Sonomorphology of the reproductive tract in male and pregnant and non-pregnant female Rothschild's giraffes (Giraffa camelopardalis rotschildi).

The application of real-time-B-mode ultrasonography to wild and zoo animal medicine has been shown to improve the understanding of reproductive physiology in many species. Ultrasound technology is especially helpful for monitoring urogenital health, which in turn has advantages for giraffe breeding and welfare in captivity. This study aimed to ultrasonographically describe the genital organs of reproductively healthy male and female giraffes. Through the use of a restrainer, repeated rectal ultrasound examinations were performed over a 2 year period in 2.6 Rothschild's giraffes.
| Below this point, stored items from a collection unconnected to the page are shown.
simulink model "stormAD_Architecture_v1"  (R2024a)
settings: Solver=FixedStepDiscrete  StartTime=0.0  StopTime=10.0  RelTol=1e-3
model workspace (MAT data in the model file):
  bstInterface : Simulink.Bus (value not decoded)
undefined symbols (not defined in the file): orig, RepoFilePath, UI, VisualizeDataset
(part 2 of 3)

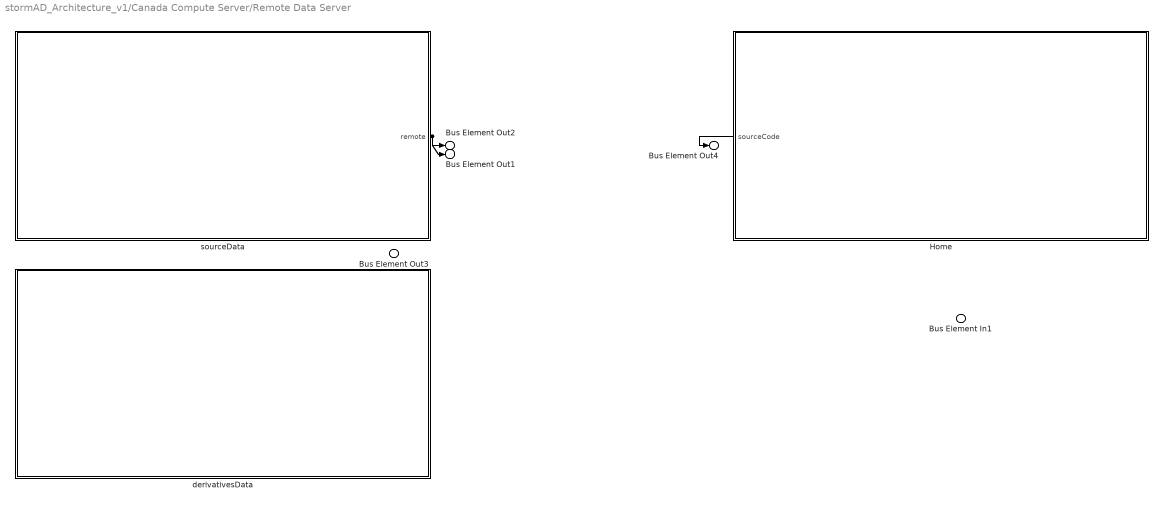
== system stormAD_Architecture_v1/Canada Compute Server/Remote Data Server ==
  Bus Element In1 : Inport  PortName=Derivatives
  " sourceData" : Subsystem
      settings: PortSchema="{\"entries\":[{\"content\":{\"headerSize\":26,\"margin\":15,\"minimumSpacing\":25,\"sides\":[{\"content\":{},\"type\":\"ConnectorPlacement.EquallySpacedRectSide\",\"uuid\":\"a3539b9a-22db-4da3-b271-35b287ced3a1\"},{\"content\":{\"connectorIds\":[\"Out1\"],\"side\":\"RIGHT\"},\"type\":\"ConnectorPlacement.EquallySpacedRectSide\",\"uuid\":\"72d9f298-5062-46d4-b3c5-f2fa85d7a7a6\"},{\"content\":{\"side\":\"TOP\"},\"type\":\"ConnectorPlacement.EquallySpacedRectSide\",\"uuid\":\"050469fd-3881-4b53-a813-94df038aa659\"}]},\"type\":\"ConnectorPlacement.EquallySpacedConnector\",\"uuid\":\"6db04dad-62f3-4987-a6a9-d236db4fe2a3\"}],\"packageUris\":[\"http://schema.mathworks.com/mf0/Connector/R2020b\"],\"version\":\"1.0\"}"
  Home : Subsystem
      settings: PortSchema="{\"entries\":[{\"content\":{\"headerSize\":26,\"margin\":15,\"minimumSpacing\":25,\"sides\":[{\"content\":{\"connectorIds\":[\"Out1\"]},\"type\":\"ConnectorPlacement.EquallySpacedRectSide\",\"uuid\":\"a3539b9a-22db-4da3-b271-35b287ced3a1\"},{\"content\":{\"side\":\"RIGHT\"},\"type\":\"ConnectorPlacement.EquallySpacedRectSide\",\"uuid\":\"72d9f298-5062-46d4-b3c5-f2fa85d7a7a6\"},{\"content\":{\"side\":\"TOP\"},\"type\":\"ConnectorPlacement.EquallySpacedRectSide\",\"uuid\":\"050469fd-3881-4b53-a813-94df038aa659\"}]},\"type\":\"ConnectorPlacement.EquallySpacedConnector\",\"uuid\":\"6db04dad-62f3-4987-a6a9-d236db4fe2a3\"}],\"packageUris\":[\"http://schema.mathworks.com/mf0/Connector/R2020b\"],\"version\":\"1.0\"}"
  derivativesData : Subsystem
      settings: PortSchema="{\"entries\":[{\"content\":{\"headerSize\":26,\"margin\":15,\"minimumSpacing\":25,\"sides\":[{\"content\":{},\"type\":\"ConnectorPlacement.EquallySpacedRectSide\",\"uuid\":\"a3539b9a-22db-4da3-b271-35b287ced3a1\"},{\"content\":{\"side\":\"RIGHT\"},\"type\":\"ConnectorPlacement.EquallySpacedRectSide\",\"uuid\":\"72d9f298-5062-46d4-b3c5-f2fa85d7a7a6\"},{\"content\":{\"side\":\"TOP\"},\"type\":\"ConnectorPlacement.EquallySpacedRectSide\",\"uuid\":\"050469fd-3881-4b53-a813-94df038aa659\"}]},\"type\":\"ConnectorPlacement.EquallySpacedConnector\",\"uuid\":\"6db04dad-62f3-4987-a6a9-d236db4fe2a3\"}],\"packageUris\":[\"http://schema.mathworks.com/mf0/Connector/R2020b\"],\"version\":\"1.0\"}"
  Bus Element Out4 : Outport  AllowServiceAccess=on  PortName=sourceCode  Element=github
  Bus Element Out3 : Outport  Port=2  AllowServiceAccess=on  PortName=SSHPort
  Bus Element Out1 : Outport  Port=3  AllowServiceAccess=on  PortName=remote.raw
  Bus Element Out2 : Outport  Port=4  AllowServiceAccess=on  PortName=remote.derivatives
  wires:
  " sourceData"/1(remote) -> Bus Element Out1/1, Bus Element Out2/1
  Home/1(sourceCode) -> Bus Element Out4/1

== system stormAD_Architecture_v1/Canada Compute Server/create Virtual Environment ==

== system stormAD_Architecture_v1/Canada Compute Server/gitClone Brainstorm ==
  Bus Element In1 : Inport  AllowServiceAccess=on  PortName=sourceCode

== system stormAD_Architecture_v1/Canada Compute Server/jobScheduler ==

== system stormAD_Architecture_v1/Canada Compute Server/loadPython ==

== system stormAD_Architecture_v1/Canada Compute Server/processingSoftware ==

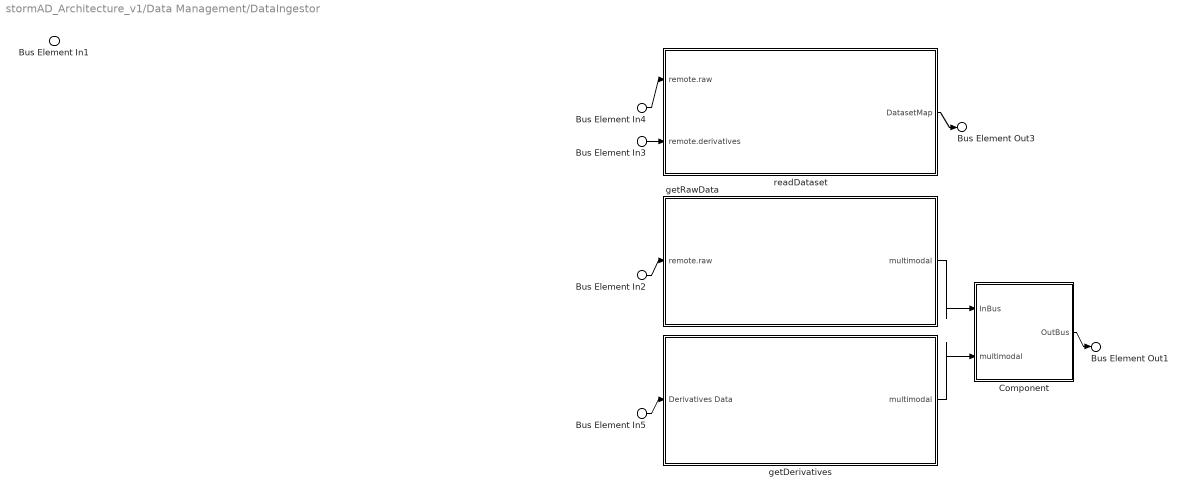
== system stormAD_Architecture_v1/Data Management/DataIngestor ==
  Bus Element In2 : Inport  AllowServiceAccess=on  PortName=remote.raw
  Bus Element In4 : Inport  AllowServiceAccess=on  PortName=remote.raw
  Bus Element In3 : Inport  Port=2  AllowServiceAccess=on  PortName=remote.derivatives
  Bus Element In5 : Inport  Port=2  AllowServiceAccess=on  PortName=remote.derivatives
  Bus Element In1 : Inport  Port=3  PortName=DataRequest
  Component : Subsystem
      settings: PortSchema="{\"entries\":[{\"content\":{\"headerSize\":26,\"margin\":15,\"minimumSpacing\":25,\"sides\":[{\"content\":{\"connectorIds\":[\"In1\",\"In2\"]},\"type\":\"ConnectorPlacement.EquallySpacedRectSide\",\"uuid\":\"a3539b9a-22db-4da3-b271-35b287ced3a1\"},{\"content\":{\"connectorIds\":[\"Out1\"],\"side\":\"RIGHT\"},\"type\":\"ConnectorPlacement.EquallySpacedRectSide\",\"uuid\":\"72d9f298-5062-46d4-b3c5-f2fa85d7a7a6\"},{\"content\":{\"side\":\"TOP\"},\"type\":\"ConnectorPlacement.EquallySpacedRectSide\",\"uuid\":\"050469fd-3881-4b53-a813-94df038aa659\"}]},\"type\":\"ConnectorPlacement.EquallySpacedConnector\",\"uuid\":\"6db04dad-62f3-4987-a6a9-d236db4fe2a3\"}],\"packageUris\":[\"http://schema.mathworks.com/mf0/Connector/R2020b\"],\"version\":\"1.0\"}"
  getDerivatives : Subsystem
      settings: PortSchema="{\"entries\":[{\"content\":{\"headerSize\":26,\"margin\":15,\"minimumSpacing\":25,\"sides\":[{\"content\":{\"connectorIds\":[\"In1\"]},\"type\":\"ConnectorPlacement.EquallySpacedRectSide\",\"uuid\":\"d99db108-8c8a-4010-81b2-f142fbf318f5\"},{\"content\":{\"connectorIds\":[\"Out1\"],\"side\":\"RIGHT\"},\"type\":\"ConnectorPlacement.EquallySpacedRectSide\",\"uuid\":\"9190d96c-22e3-4cc9-a507-8f094dc67743\"},{\"content\":{\"side\":\"TOP\"},\"type\":\"ConnectorPlacement.EquallySpacedRectSide\",\"uuid\":\"08b46875-eac1-4edb-b2eb-5598dd517a75\"}]},\"type\":\"ConnectorPlacement.EquallySpacedConnector\",\"uuid\":\"c8d2d02b-cf5a-431f-8876-22d36c8a9b33\"}],\"packageUris\":[\"http://schema.mathworks.com/mf0/Connector/R2020b\"],\"version\":\"1.0\"}"
  getRawData : Subsystem
      settings: PortSchema="{\"entries\":[{\"content\":{\"headerSize\":26,\"margin\":15,\"minimumSpacing\":25,\"sides\":[{\"content\":{\"connectorIds\":[\"In1\"]},\"type\":\"ConnectorPlacement.EquallySpacedRectSide\",\"uuid\":\"d99db108-8c8a-4010-81b2-f142fbf318f5\"},{\"content\":{\"connectorIds\":[\"Out1\"],\"side\":\"RIGHT\"},\"type\":\"ConnectorPlacement.EquallySpacedRectSide\",\"uuid\":\"9190d96c-22e3-4cc9-a507-8f094dc67743\"},{\"content\":{\"side\":\"TOP\"},\"type\":\"ConnectorPlacement.EquallySpacedRectSide\",\"uuid\":\"08b46875-eac1-4edb-b2eb-5598dd517a75\"}]},\"type\":\"ConnectorPlacement.EquallySpacedConnector\",\"uuid\":\"c8d2d02b-cf5a-431f-8876-22d36c8a9b33\"}],\"packageUris\":[\"http://schema.mathworks.com/mf0/Connector/R2020b\"],\"version\":\"1.0\"}"
  readDataset : Subsystem
      settings: PortSchema="{\"entries\":[{\"content\":{\"headerSize\":26,\"margin\":15,\"minimumSpacing\":25,\"sides\":[{\"content\":{\"connectorIds\":[\"In1\",\"In2\"]},\"type\":\"ConnectorPlacement.EquallySpacedRectSide\",\"uuid\":\"d99db108-8c8a-4010-81b2-f142fbf318f5\"},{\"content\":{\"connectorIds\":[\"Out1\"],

Changes in ovarian activity were monitored throughout four different reproductive stages in the females and included immature, mature-cycling, pregnancy, post-partum-period. In the immature giraffes the ovaries showed multiple follicles of which larger ones luteinized to form pseudo-corpora lutea. By comparison, in the mature giraffes the dominant follicle reached an ovulatory diameter of 18.5+/-0.89 mm. After ovulation, a single corpus luteum rapidly formed and reached a maximum diameter of 33.0+/-2.4mm on average. Pregnancy was detected for the first time by the embryonic vesicle, visualized around 28 days post copulation. Follicular development remained ongoing during early pregnancy. In the males, as in other ruminants, the bulbourethral glands and the seminal vesicles were prominent, whereas the prostate gland was indistinct. Knowledge about the reproductive tract morphology and physiology is necessary for diagnosing medical disorders and abnormalities in giraffes. The aim of this study was to help consolidate the current knowledge on basic reproductive parameters for this species.